Peng Mei-Mei, Guo Shuang, Wang Lu, Mao Jing, Xie Hui, Zhao Xiao-Li, Hou Jin-Cai, Guo Yong, Lu Tu-Lin, Mao Chun-Qin
School of Pharmacy, Nanjing University of Chinese Medicine Nanjing 210023, China.
Jiangsu Province Hospital of Chinese Medicine Nanjing 210029, China.
Zhongguo Zhong Yao Za Zhi. 2022 Jan;47(2):313-323. doi: 10.19540/j.cnki.cjcmm.20210412.304.

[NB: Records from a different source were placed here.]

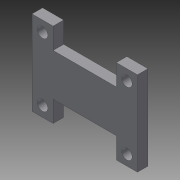
# Autodesk Inventor part: Stepper_Motor_Clamp
Saved by Autodesk Inventor 2015 (Build 190159000, 159)
## iProperties
Created: 2015-01-10
Part Number: Stepper_Motor_Clamp
Material: Generic
Document SubType Name: Modeling
Designer: Drew
Density: 1 g/cm^3
Appearance: Default
Author: Drew
Autodesk Inventor part; units mm, degrees
ref_plane "YZ Plane" through (0, 0, 0) normal (1, 0, 0) x (0, 1, 0)
ref_plane "XZ Plane" through (0, 0, 0) normal (0, 1, 0) x (-1, 0, 0)
ref_plane "XY Plane" through (0, 0, 0) normal (0, 0, 1) x (1, 0, 0)
sketch "Sketch1" plane through (0, 0, 0) normal (0, 0, 1) x (1, 0, 0)
  line L0 (-31.75, -25.4) -> (-31.75, 25.4)
  line L1 (31.75, 25.4) -> (31.75, -25.4)
  line L2 (31.75, -25.4) -> (-31.75, 25.4) construction
  line L3 (-31.75, -25.4) -> (31.75, 25.4) construction
  line L4 (-14.1411, 0) -> (14.1411, 0)
  line L5 (0, 15.3796) -> (0, -12.4523)
  line L6 (-19.05, 25.4) -> (-19.05, 12.7)
  line L7 (-19.05, 12.7) -> (19.05, 12.7)
  line L8 (19.05, 12.7) -> (19.05, 25.4)
  line L9 (-31.75, 25.4) -> (-19.05, 25.4)
  line L10 (19.05, 25.4) -> (31.75, 25.4)
  circle A0 centre (-25.4, 19.05) radius 3.175
  circle A1 centre (25.4, 19.05) radius 3.175
  circle A2 centre (-25.4, -19.05) radius 3.175
  circle A3 centre (25.4, -19.05) radius 3.175
  line L11 (19.05, -25.4) -> (19.05, -12.7)
  line L12 (19.05, -12.7) -> (-19.05, -12.7)
  line L13 (-19.05, -12.7) -> (-19.05, -25.4)
  line L14 (31.75, -25.4) -> (19.05, -25.4)
  line L15 (-19.05, -25.4) -> (-31.75, -25.4)
  point P0 (0, 0)
  point P1 (0, 0)
  point P2 (0, 0)
  point P3 (0, 0)
  dimension "d2" = 38.1
  dimension "d3" = 50.8
  dimension "d4" = 63.5
  dimension "d6" = 38.1
  dimension "d7" = 12.7
  dimension "d10" = 6.35
  dimension "d11" = 12.7
  dimension "d12" = 38.1
  dimension "d13" = 50.8
  constraints: 32 end point, 7 midpoint, 7 parallel, 7 perpendicular, 4 centre point, 3 horizontal, 3 symmetric about line, 3 vertical, 1 collinear, 1 point on line, 5 other
  measures "d2" distance of A2.centre A0.centre
  measures "d3" distance of A0.centre A1.centre
  measures "d4" distance of L1.end L0.start
  measures "d6" distance of L6.end L7.end
  measures "d7" distance of L6.start L6.end
  measures "d10" diameter of A1
  measures "d11" distance of L11.start L11.end
  measures "d12" distance of L11.end L12.end
  measures "d13" distance of L0.start L0.end
extrude "Extrusion1" add sketch "Sketch1" along normal blind 6.35
equation "\"d11\" = d7"
equation "\"d12\" = d6"
body "Solid1"

Following the preparation of substance benchmarks in Huanglian Decoction from 18 batches, the method for detecting their characteristic spectra was established to identify the similarity range and peak attribution. The content and transfer rate ranges of the index components coptisine, palmatine, berberine, liquiritin, glycyrrhizic acid, 6-gingerol, and cinnamaldehyde and the extraction amount were combined for analyzing the quality value transfer from the Chinese medicinal pieces to substance benchmarks and clarifying the key quality attributes of substance benchmarks in Huanglian Decoction. The results showed that the substance benchmarks in Huang-lian Decoction of 18 batches exhibited good similarity in characteristic spectra(all greater than 0.98). There were 17 characteristic peaks identified in the substance benchmarks of Huanglian Decoction, including 10 from Coptidis Rhizoma, 3 from Glycyrrhizae Radix Et Rhizoma Praeparata Cum Melle(processed with water), 1 from Zingiberis Rhizoma, and 3 from Cinnamomi Ramulus. The contents and average transfer rates of the index components were listed as follows: coptisine 2.20-6.46 mg·g(-1) and 18.50%±2.93%; palmatine 3.03-8.13 mg·g(-1) and 26.56%±4.69%; berberine 7.71-22.29 mg·g(-1) and 17.34%±3.00%; liquiritin 0.88-2.18 mg·g(-1) and 9.88%±4.88%; glycyrrhizic acid 1.83-4.44 mg·g(-1) and 8.50%±3.72%; 6-gingerol 0.56-1.43 mg·g(-1) and 11.36%±2.37%; cinnamaldehyde 1.55-3.48 mg·g~(-1) and 19.02%±4.36%. The extraction amount of the substance benchmarks from the 18 batches was controlled at 10.65%-13.88%. In this paper, the quality value transfer of substance benchmarks in Huanglian Decoction was analyzed based on the characteristic spectra, the index component contents and the extraction amount, which has provided a basis for the subsequent development of Huanglian Decoction and the quality control of its related preparations.
在制备18批次黄连汤物质基准后,建立了其特征图谱检测方法,以确定相似度范围和峰归属。结合指标成分黄连碱、巴马汀、小檗碱、甘草苷、甘草酸、6-姜酚和桂皮醛的含量及转移率范围以及提取量,分析了中药饮片到物质基准的质量值传递情况,明确了黄连汤物质基准的关键质量属性。结果表明,18批次黄连汤物质基准的特征图谱相似度良好(均大于0.98)。黄连汤物质基准中鉴定出17个特征峰,其中10个来自黄连,3个来自蜜甘草,1个来自干姜,3个来自桂枝。指标成分的含量及平均转移率如下:黄连碱2.20 - 6.46 mg·g⁻¹,转移率18.50%±2.93%;巴马汀3.03 - 8.13 mg·g⁻¹,转移率26.56%±4.69%;小檗碱7.71 - 22.29 mg·g⁻¹,转移率17.34%±3.00%;甘草苷0.88 - 2.18 mg·g⁻¹,转移率9.88%±4.88%;甘草酸1.83 - 4.44 mg·g⁻¹,转移率8.50%±3.72%;6-姜酚0.56 - 1.43 mg·g⁻¹,转移率11.36%±2.37%;桂皮醛1.55 - 3.48 mg·g⁻¹,转移率19.02%±4.36%。18批次物质基准的提取量控制在10.65% - 13.88%。本文基于特征图谱、指标成分含量和提取量分析了黄连汤物质基准的质量值传递情况,为黄连汤后续开发及其相关制剂的质量控制提供了依据。